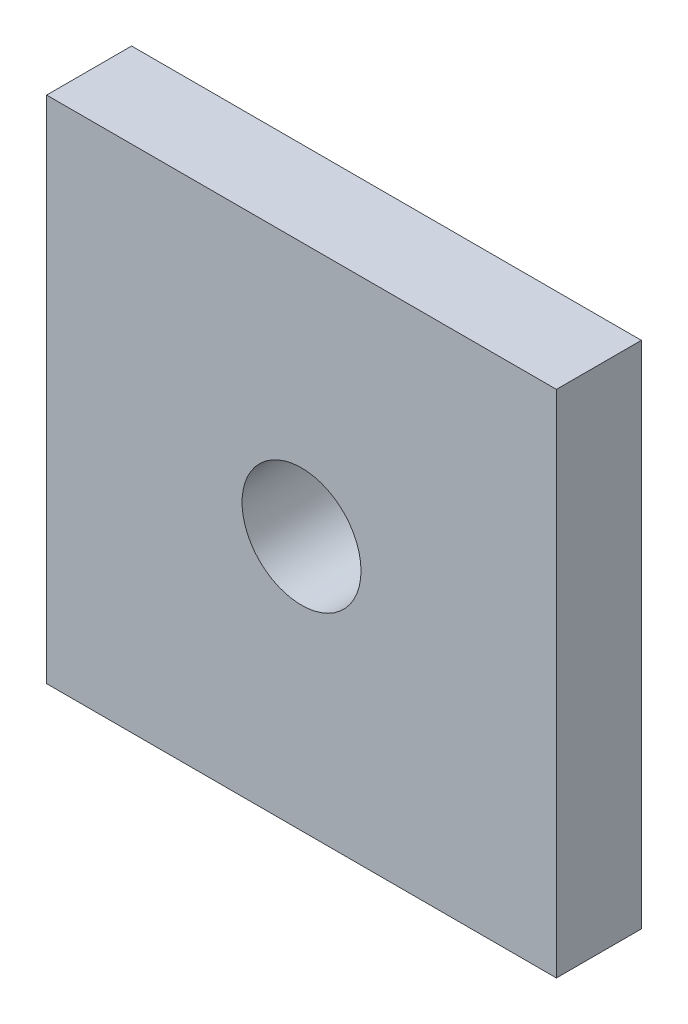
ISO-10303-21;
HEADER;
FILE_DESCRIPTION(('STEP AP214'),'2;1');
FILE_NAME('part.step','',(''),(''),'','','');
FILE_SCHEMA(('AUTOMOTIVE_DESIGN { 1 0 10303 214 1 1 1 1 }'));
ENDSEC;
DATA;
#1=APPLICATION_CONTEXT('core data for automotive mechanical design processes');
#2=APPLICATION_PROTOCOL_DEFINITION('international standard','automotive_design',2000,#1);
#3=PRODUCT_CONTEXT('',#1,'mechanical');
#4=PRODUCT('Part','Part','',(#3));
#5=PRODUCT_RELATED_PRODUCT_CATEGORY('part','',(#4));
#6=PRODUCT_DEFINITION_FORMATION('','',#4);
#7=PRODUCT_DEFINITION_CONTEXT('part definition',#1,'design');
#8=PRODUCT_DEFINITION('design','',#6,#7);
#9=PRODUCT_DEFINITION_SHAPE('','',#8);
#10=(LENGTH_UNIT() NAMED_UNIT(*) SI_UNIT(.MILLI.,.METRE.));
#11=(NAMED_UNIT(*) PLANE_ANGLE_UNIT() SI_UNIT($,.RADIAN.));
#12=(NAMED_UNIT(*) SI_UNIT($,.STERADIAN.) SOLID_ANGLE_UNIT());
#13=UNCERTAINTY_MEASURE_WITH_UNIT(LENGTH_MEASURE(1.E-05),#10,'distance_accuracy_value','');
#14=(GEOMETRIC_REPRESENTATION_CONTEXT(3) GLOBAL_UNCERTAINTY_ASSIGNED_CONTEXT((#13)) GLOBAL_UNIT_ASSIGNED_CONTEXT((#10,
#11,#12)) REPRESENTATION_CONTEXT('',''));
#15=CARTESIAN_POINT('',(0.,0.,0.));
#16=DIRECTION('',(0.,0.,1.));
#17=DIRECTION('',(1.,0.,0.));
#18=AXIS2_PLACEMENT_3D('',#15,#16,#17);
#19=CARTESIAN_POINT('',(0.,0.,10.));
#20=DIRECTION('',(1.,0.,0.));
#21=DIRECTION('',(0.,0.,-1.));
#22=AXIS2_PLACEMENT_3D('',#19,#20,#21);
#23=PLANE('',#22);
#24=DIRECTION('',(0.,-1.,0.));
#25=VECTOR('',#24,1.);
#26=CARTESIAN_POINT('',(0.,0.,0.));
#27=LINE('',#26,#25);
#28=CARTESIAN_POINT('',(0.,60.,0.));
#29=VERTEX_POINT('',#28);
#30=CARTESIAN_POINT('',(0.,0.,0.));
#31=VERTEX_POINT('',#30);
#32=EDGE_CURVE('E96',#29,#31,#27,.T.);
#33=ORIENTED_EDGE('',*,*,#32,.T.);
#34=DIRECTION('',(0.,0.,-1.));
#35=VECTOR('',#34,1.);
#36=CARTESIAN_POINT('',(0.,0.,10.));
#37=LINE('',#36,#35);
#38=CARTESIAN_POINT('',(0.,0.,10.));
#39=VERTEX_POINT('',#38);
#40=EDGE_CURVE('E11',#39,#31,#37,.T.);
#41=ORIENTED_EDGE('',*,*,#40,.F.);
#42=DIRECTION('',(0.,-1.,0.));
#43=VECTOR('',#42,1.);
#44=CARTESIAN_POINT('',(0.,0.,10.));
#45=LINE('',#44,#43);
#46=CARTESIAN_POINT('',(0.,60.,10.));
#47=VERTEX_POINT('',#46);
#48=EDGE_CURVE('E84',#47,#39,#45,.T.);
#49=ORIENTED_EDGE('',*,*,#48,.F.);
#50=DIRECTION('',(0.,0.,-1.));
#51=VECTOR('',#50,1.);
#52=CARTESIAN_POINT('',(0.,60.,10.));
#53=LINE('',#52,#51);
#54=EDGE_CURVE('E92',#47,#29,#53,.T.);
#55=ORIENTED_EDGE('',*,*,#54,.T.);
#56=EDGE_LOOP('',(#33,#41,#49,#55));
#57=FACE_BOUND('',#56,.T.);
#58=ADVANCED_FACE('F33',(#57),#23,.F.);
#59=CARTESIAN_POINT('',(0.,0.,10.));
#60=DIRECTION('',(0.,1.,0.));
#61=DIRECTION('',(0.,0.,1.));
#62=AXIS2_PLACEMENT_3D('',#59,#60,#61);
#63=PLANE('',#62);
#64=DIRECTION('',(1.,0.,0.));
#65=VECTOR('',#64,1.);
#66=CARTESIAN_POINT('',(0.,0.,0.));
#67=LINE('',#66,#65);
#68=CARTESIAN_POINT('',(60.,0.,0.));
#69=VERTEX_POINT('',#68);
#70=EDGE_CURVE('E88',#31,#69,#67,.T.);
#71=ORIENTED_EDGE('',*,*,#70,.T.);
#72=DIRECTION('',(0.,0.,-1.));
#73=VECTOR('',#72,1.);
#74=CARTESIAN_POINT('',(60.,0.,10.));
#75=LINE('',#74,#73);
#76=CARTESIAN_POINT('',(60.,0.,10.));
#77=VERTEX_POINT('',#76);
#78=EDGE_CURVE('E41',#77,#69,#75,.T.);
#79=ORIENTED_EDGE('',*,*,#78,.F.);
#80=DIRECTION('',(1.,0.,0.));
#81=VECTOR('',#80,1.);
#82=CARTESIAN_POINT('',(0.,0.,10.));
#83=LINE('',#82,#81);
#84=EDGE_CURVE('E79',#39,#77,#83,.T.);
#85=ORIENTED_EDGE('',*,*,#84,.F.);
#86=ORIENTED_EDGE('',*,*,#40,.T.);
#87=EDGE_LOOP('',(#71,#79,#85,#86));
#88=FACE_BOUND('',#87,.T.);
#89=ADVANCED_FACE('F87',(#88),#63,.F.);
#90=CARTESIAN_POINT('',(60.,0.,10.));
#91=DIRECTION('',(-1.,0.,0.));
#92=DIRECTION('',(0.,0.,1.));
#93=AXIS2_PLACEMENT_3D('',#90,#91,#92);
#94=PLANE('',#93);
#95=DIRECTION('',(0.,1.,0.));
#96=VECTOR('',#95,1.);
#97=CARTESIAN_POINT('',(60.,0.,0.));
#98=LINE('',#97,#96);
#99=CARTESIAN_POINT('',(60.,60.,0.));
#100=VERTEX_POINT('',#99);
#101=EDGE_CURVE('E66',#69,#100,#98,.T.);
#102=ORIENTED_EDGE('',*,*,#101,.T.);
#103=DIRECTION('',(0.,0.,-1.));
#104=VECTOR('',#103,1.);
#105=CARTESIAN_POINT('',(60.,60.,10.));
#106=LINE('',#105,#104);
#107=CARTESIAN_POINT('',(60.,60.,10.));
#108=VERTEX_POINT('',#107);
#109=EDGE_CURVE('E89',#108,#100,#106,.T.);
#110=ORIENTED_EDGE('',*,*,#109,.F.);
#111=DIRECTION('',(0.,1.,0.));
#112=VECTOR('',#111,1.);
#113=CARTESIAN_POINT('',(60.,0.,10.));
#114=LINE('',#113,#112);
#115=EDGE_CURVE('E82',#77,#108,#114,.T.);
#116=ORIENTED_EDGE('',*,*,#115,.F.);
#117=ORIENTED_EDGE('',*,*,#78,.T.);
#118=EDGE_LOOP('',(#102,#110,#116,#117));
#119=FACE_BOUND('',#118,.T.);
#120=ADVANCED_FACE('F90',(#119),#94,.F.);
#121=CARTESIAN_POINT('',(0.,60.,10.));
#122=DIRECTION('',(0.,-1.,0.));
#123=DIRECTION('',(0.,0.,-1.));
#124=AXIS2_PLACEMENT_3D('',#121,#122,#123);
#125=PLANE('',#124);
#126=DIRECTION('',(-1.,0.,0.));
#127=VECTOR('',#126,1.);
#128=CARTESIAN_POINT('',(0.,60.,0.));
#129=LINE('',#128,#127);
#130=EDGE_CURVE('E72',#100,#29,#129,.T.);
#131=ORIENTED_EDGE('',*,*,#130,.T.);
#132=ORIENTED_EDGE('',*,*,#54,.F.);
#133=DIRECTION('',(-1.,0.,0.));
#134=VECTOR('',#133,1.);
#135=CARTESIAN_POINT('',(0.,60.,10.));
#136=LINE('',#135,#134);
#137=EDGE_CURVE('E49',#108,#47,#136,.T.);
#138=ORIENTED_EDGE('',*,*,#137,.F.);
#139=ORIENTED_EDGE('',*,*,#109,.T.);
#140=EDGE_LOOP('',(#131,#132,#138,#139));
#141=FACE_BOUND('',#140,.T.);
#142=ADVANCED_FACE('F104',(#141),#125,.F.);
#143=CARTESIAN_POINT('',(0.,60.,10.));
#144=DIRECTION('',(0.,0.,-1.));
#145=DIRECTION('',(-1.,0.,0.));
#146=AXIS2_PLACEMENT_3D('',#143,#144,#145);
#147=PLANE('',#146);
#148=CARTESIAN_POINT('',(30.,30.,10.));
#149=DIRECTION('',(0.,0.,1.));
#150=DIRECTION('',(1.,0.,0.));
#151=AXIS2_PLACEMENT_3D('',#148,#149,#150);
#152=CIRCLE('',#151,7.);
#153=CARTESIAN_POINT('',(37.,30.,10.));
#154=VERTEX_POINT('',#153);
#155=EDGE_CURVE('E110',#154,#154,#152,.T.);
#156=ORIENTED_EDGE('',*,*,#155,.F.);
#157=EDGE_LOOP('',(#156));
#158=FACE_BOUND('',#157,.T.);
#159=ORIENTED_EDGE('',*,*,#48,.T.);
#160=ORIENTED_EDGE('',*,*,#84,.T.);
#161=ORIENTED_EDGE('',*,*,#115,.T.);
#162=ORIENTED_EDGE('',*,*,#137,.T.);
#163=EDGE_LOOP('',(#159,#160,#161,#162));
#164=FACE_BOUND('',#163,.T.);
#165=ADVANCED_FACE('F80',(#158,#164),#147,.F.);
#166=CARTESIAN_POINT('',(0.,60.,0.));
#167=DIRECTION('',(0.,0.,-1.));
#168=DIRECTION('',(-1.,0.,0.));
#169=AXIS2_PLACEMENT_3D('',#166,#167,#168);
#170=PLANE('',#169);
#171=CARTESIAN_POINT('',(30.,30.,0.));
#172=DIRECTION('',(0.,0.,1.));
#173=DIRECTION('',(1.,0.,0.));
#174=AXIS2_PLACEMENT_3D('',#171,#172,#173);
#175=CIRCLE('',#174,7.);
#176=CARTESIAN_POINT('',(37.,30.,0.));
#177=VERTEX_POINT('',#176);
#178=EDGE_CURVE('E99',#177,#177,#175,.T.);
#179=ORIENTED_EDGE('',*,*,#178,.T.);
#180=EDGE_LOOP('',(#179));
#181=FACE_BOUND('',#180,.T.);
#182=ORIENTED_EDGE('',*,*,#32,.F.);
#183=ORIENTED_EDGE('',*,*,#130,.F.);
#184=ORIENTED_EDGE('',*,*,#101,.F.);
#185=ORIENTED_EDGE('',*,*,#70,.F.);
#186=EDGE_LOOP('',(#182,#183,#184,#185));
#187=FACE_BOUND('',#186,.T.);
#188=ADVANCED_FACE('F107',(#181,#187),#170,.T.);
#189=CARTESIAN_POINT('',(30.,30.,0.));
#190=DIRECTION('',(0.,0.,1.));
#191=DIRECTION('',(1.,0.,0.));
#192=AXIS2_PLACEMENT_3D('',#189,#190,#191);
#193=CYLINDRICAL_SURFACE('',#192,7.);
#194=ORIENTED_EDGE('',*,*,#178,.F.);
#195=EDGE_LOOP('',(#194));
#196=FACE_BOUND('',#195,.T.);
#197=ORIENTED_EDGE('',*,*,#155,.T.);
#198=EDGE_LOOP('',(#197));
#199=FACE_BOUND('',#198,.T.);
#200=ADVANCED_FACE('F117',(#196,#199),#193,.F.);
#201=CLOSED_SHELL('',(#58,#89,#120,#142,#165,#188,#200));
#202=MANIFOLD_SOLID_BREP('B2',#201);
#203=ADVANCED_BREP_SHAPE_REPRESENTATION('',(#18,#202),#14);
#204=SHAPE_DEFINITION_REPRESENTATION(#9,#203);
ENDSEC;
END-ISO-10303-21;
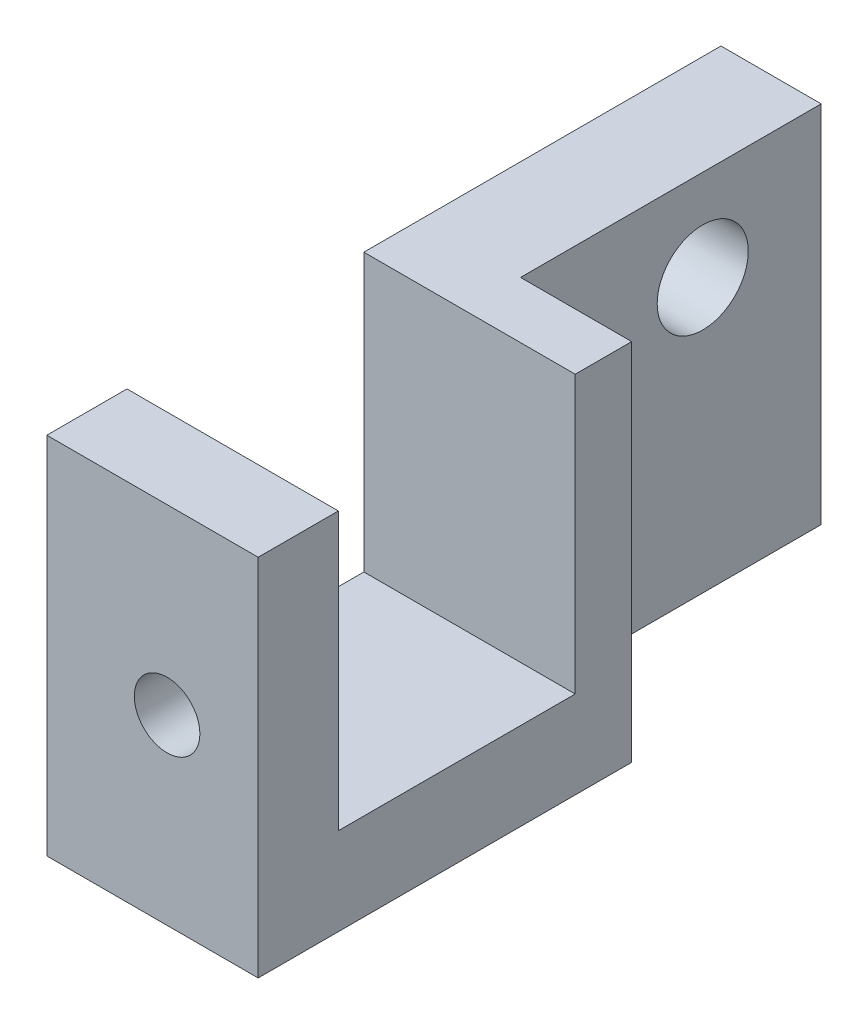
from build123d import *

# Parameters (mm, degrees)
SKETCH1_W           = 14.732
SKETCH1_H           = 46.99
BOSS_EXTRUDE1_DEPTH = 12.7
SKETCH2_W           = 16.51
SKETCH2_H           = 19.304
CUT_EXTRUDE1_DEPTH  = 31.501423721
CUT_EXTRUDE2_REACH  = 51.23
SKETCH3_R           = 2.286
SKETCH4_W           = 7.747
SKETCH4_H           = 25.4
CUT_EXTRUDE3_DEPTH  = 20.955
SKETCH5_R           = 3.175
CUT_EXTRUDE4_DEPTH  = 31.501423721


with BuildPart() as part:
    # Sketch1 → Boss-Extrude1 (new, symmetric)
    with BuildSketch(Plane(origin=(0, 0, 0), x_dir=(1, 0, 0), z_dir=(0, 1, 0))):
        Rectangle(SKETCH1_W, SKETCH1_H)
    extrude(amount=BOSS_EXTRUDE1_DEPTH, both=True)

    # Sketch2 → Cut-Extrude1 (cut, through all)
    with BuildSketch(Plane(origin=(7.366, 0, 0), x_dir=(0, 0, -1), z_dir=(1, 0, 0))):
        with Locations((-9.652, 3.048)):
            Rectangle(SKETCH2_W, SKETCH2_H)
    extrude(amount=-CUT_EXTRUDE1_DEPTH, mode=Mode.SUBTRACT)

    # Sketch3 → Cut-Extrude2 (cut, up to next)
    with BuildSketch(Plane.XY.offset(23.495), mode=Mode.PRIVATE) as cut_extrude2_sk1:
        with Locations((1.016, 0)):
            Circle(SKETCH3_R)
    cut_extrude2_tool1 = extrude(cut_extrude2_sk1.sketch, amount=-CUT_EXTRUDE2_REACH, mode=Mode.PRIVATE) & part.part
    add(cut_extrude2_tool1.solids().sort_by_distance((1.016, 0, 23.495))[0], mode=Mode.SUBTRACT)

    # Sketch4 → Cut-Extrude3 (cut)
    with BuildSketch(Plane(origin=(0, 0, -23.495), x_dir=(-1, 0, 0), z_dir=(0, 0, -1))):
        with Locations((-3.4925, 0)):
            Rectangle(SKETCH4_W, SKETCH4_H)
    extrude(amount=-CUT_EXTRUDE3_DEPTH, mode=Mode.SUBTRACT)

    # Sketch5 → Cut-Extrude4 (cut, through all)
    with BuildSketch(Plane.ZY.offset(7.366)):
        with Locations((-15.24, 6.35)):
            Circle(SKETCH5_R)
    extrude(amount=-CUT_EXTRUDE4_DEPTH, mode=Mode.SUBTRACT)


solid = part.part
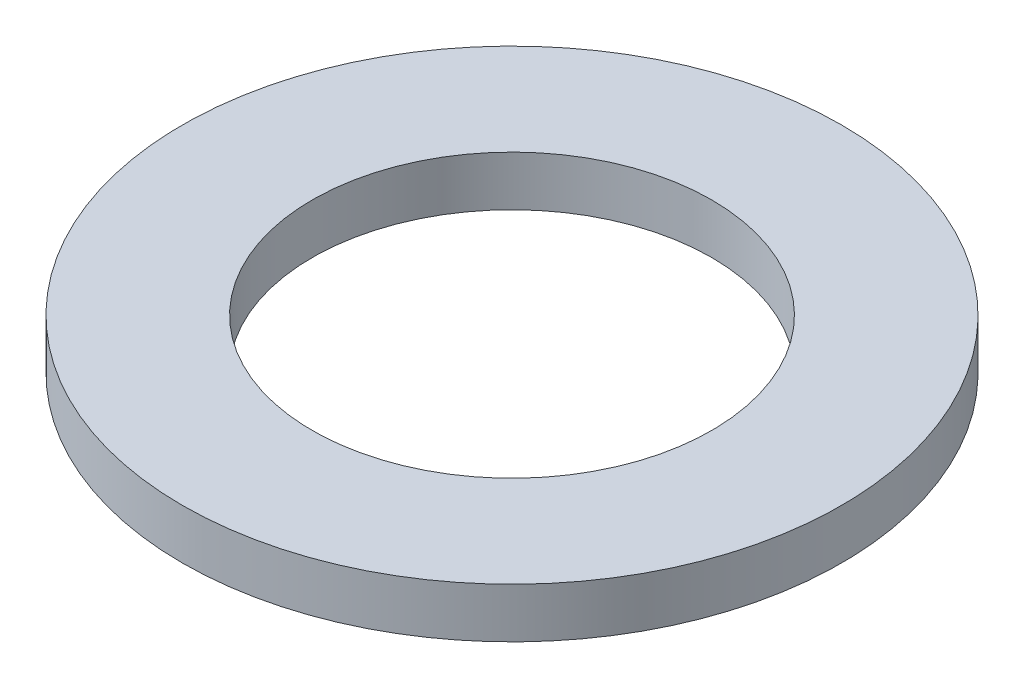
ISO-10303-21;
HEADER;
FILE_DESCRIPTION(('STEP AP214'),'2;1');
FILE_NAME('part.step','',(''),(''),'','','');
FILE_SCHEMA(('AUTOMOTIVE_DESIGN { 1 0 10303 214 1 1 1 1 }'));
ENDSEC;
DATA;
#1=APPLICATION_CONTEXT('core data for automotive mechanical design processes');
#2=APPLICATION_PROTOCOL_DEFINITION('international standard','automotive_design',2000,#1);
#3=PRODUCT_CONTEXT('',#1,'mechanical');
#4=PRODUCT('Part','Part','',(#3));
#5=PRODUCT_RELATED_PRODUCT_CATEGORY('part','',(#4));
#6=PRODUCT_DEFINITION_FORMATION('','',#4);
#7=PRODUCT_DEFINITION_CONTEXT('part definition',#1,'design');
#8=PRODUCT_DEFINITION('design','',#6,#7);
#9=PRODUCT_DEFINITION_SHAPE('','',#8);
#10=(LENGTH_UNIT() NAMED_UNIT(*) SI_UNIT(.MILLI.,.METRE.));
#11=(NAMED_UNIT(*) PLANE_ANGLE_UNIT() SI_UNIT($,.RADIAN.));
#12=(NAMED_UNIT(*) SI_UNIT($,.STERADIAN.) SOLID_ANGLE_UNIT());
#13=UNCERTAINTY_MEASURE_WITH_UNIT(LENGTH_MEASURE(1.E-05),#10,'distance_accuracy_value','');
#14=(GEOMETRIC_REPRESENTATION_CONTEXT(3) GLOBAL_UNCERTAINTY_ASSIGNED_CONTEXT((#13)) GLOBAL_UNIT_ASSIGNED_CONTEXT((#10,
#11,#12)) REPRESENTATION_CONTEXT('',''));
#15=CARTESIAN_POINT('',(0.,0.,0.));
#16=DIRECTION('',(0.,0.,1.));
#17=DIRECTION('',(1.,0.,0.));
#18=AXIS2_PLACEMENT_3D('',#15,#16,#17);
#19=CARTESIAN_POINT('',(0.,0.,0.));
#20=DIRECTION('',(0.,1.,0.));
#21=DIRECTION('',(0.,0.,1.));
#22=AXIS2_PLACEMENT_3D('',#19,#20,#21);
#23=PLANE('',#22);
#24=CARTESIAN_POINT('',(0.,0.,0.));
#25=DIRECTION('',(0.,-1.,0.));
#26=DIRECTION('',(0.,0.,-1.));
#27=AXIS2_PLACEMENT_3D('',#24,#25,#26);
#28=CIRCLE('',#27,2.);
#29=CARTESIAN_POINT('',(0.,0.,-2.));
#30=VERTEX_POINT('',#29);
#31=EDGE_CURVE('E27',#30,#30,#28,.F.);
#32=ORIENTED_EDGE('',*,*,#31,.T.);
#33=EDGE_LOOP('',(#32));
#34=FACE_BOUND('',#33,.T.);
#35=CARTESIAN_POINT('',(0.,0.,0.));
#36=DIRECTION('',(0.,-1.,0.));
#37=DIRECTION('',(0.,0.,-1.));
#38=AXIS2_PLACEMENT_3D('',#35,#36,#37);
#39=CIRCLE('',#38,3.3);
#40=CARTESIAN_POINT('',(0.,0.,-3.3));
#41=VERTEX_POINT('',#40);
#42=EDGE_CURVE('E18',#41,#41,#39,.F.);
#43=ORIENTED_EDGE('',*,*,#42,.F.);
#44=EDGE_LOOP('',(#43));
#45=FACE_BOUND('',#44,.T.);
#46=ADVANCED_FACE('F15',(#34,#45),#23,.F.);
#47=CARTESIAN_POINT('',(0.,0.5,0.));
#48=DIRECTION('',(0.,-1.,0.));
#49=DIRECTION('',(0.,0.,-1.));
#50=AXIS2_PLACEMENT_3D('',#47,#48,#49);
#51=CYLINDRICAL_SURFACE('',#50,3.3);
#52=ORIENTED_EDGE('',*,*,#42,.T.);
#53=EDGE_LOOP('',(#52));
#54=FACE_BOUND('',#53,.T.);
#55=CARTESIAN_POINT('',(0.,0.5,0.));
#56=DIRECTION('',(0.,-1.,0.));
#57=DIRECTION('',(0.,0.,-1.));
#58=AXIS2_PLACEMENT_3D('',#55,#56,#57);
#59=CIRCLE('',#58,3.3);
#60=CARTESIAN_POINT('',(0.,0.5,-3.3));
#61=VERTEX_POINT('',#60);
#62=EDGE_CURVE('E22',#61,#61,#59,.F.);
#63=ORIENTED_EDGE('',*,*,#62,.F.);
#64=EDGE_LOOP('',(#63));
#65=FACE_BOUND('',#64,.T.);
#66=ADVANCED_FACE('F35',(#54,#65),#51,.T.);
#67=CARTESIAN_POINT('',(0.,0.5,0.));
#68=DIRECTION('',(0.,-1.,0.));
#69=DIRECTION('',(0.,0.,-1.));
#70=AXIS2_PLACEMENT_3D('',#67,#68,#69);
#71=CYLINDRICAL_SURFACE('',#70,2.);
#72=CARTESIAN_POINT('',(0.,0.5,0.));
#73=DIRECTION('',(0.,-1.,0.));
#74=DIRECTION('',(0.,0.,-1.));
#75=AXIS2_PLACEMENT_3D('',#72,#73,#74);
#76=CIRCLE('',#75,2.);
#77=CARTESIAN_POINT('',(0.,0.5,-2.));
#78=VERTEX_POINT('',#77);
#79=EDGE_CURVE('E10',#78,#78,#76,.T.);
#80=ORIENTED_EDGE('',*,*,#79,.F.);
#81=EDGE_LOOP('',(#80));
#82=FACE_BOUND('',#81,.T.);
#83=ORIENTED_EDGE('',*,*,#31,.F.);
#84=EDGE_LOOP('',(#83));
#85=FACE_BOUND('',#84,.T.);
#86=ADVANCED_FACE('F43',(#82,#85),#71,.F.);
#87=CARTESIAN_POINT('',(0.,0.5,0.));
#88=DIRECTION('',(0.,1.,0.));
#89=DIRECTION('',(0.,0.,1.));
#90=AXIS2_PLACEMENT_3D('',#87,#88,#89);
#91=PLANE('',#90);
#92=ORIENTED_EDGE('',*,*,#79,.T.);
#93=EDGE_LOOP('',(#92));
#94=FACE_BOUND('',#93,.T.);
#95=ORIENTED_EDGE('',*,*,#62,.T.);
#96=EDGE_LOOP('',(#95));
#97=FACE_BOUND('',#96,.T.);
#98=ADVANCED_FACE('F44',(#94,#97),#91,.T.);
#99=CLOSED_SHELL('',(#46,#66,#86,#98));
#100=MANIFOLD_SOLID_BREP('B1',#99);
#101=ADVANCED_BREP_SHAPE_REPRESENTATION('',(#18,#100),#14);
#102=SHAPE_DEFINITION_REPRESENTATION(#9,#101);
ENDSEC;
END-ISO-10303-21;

▸ **TASK OBJECTIVE**
Beginning with the line above that contains "#32=EDGE_CURVE('E96',#29,#31,#27,.T.);", copy each line exactly up to and including the line that contains "#52=CARTESIAN_POINT('',(0.,60.,10.));", and go no further.

▸ **ANSWER AREA**
#32=EDGE_CURVE('E96',#29,#31,#27,.T.);
#33=ORIENTED_EDGE('',*,*,#32,.T.);
#34=DIRECTION('',(0.,0.,-1.));
#35=VECTOR('',#34,1.);
#36=CARTESIAN_POINT('',(0.,0.,10.));
#37=LINE('',#36,#35);
#38=CARTESIAN_POINT('',(0.,0.,10.));
#39=VERTEX_POINT('',#38);
#40=EDGE_CURVE('E11',#39,#31,#37,.T.);
#41=ORIENTED_EDGE('',*,*,#40,.F.);
#42=DIRECTION('',(0.,-1.,0.));
#43=VECTOR('',#42,1.);
#44=CARTESIAN_POINT('',(0.,0.,10.));
#45=LINE('',#44,#43);
#46=CARTESIAN_POINT('',(0.,60.,10.));
#47=VERTEX_POINT('',#46);
#48=EDGE_CURVE('E84',#47,#39,#45,.T.);
#49=ORIENTED_EDGE('',*,*,#48,.F.);
#50=DIRECTION('',(0.,0.,-1.));
#51=VECTOR('',#50,1.);
#52=CARTESIAN_POINT('',(0.,60.,10.));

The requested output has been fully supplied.